> **What is required**: Give back the entries below verbatim.

> **Records provided**:

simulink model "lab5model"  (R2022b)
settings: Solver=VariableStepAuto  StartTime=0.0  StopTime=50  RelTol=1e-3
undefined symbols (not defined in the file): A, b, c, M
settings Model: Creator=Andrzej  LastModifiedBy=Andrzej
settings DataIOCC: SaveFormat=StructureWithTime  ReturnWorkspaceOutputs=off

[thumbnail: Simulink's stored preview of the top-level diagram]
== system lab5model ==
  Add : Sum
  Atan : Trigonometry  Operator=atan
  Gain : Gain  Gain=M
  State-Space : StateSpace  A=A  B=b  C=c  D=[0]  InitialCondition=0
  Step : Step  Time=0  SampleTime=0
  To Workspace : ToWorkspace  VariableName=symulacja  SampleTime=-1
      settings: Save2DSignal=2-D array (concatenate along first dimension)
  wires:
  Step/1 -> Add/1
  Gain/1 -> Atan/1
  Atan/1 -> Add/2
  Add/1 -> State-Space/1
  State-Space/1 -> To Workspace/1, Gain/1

> **Result below**:
simulink model "lab5model"  (R2022b)
settings: Solver=VariableStepAuto  StartTime=0.0  StopTime=50  RelTol=1e-3
undefined symbols (not defined in the file): A, b, c, M
settings Model: Creator=Andrzej  LastModifiedBy=Andrzej
settings DataIOCC: SaveFormat=StructureWithTime  ReturnWorkspaceOutputs=off

[thumbnail: Simulink's stored preview of the top-level diagram]
== system lab5model ==
  Add : Sum
  Atan : Trigonometry  Operator=atan
  Gain : Gain  Gain=M
  State-Space : StateSpace  A=A  B=b  C=c  D=[0]  InitialCondition=0
  Step : Step  Time=0  SampleTime=0
  To Workspace : ToWorkspace  VariableName=symulacja  SampleTime=-1
      settings: Save2DSignal=2-D array (concatenate along first dimension)
  wires:
  Step/1 -> Add/1
  Gain/1 -> Atan/1
  Atan/1 -> Add/2
  Add/1 -> State-Space/1
  State-Space/1 -> To Workspace/1, Gain/1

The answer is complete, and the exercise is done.